Write Puppet code with the VSCode extension
The Puppet VSCode extension makes writing and managing Puppet code easier and ensures your code is high quality. Its features include Puppet DSL intellisense, linting, and built-in commands. You can use the extension with Windows, Linux, or macOS. For installation instructions and a full list of features, see the Puppet VSCode extension documentation.
Run acceptance tests with Litmus
Litmus is a command line tool that allows you to run acceptance tests against Puppet modules for a variety of operating systems and deployment scenarios. Acceptance tests validate that your code does what you intend it to do. For more information, see the Litmus documentation.
Puppet Forge has existing modules and code examples that assist with automating the following use cases:
- Base system configuration. Including registry, NTP, firewalls, services
- Manage web servers. Including apache, tomcat, IIS, nginx
- Manage database systems. Including Oracle, Microsoft SQL Server, MySQL, PostgreSQL
- Manage middleware/application systems. Including Java, WebLogic/Fusion, IBM MQ, IBM IIB, RabbitMQ, ActiveMQ, Redis, ElasticSearch
- Source control. Including Github, Gitlab
- Monitoring. Including Splunk, Nagios, Zabbix, Sensu, Prometheus, NewRelic, Icinga, SNMP
- Patch management. OS patching on Enterprise Linux, Debian, SLES, Ubuntu, Windows
- Linux: Puppet integrates directly with native package managers
- Windows: Use Puppet to install software directly on Windows, or integrate with Chocolatey
- Containers and cloud native. Including Docker, Kubernetes, Terraform, OpenShift
- Networking. Including Cisco Catalyst, Cisco Nexus, F5, Palo Alto, Barracuda
- Secrets management. Including Hashicorp Vault, CyberArk Conjur, Azure Key Vault, Consul Data
See each module’s README for installation, usage, and code examples.
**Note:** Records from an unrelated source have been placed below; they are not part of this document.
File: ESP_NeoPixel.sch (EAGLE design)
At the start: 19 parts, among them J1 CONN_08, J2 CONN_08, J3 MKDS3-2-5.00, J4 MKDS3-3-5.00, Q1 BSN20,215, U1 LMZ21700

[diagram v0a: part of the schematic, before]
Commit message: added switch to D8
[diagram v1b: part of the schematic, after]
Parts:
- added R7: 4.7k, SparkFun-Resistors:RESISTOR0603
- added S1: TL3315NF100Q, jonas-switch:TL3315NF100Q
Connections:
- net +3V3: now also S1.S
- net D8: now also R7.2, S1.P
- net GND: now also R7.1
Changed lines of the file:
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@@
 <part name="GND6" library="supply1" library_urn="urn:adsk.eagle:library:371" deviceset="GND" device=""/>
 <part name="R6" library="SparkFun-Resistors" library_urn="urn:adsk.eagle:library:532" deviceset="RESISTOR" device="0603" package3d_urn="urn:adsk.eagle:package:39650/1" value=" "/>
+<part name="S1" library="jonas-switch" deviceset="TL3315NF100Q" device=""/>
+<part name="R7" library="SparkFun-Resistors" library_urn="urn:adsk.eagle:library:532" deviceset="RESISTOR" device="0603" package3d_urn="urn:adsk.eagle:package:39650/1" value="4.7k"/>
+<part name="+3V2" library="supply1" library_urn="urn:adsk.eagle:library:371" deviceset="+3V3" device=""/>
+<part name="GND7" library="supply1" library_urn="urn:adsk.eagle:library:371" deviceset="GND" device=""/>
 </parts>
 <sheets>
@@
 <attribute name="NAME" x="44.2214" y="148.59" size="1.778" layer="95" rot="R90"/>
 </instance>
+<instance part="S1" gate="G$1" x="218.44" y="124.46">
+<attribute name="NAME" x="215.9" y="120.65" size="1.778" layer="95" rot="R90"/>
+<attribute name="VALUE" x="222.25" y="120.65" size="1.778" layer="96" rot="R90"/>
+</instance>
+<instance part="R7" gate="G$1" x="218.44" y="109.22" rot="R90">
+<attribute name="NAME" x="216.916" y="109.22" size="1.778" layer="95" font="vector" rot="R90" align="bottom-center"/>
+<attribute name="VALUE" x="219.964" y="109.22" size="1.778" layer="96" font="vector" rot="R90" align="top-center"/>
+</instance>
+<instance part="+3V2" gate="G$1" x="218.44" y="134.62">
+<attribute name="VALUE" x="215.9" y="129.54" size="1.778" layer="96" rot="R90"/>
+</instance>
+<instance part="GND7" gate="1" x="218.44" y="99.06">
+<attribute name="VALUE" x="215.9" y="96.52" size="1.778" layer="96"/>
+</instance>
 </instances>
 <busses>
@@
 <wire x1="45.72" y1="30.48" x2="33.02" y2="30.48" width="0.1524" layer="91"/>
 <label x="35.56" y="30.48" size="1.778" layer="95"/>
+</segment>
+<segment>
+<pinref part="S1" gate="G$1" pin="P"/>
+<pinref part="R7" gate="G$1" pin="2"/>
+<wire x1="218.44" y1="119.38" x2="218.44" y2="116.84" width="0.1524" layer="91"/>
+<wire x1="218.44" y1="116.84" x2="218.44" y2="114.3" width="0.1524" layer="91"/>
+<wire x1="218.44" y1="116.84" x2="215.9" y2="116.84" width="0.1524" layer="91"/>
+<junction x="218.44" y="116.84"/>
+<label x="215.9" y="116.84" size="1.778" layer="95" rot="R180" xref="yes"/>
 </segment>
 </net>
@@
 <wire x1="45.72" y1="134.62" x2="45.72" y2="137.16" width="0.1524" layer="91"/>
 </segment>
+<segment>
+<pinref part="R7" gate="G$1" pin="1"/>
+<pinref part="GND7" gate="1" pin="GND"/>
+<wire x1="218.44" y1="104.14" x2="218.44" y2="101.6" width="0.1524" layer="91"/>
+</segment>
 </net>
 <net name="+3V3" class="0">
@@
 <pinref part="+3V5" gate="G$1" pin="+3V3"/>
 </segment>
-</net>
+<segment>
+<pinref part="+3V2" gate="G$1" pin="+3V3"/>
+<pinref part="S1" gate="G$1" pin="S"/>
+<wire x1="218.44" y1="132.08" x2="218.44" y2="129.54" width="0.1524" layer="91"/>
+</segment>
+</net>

If you don’t see your use case listed above, have a look at the following list to see what else we might be able to help you with:
- Continuous integration and delivery of Puppet code. Continuous Delivery for Puppet Enterprise (PE) offers a prescriptive workflow to test and deploy Puppet code across environments. To harness the full power of PE, you need a robust system for testing and deploying your Puppet code. Continuous Delivery for PE offers prescriptive, customizable work flows and intuitive tools for Puppet code testing, deployment, and impact analysis — so you know how code changes will affect your infrastructure before you deploy them — helping you ship changes and additions with speed and confidence. For more information, see CD4PE.
- Incident remediation. If you need to minimize the risk of external attacks and data breaches by increasing your visibility into the vulnerabilities across your infrastructure, take a look at Puppet Remediate. With Remediate, you can eliminate the repetitive and error-prone steps of manual data handovers between teams. For more information, see Puppet Remediate.
- Integrate Puppet into your existing workflows. Take a look at our integrations with other technology, including Splunk and VMware vRA.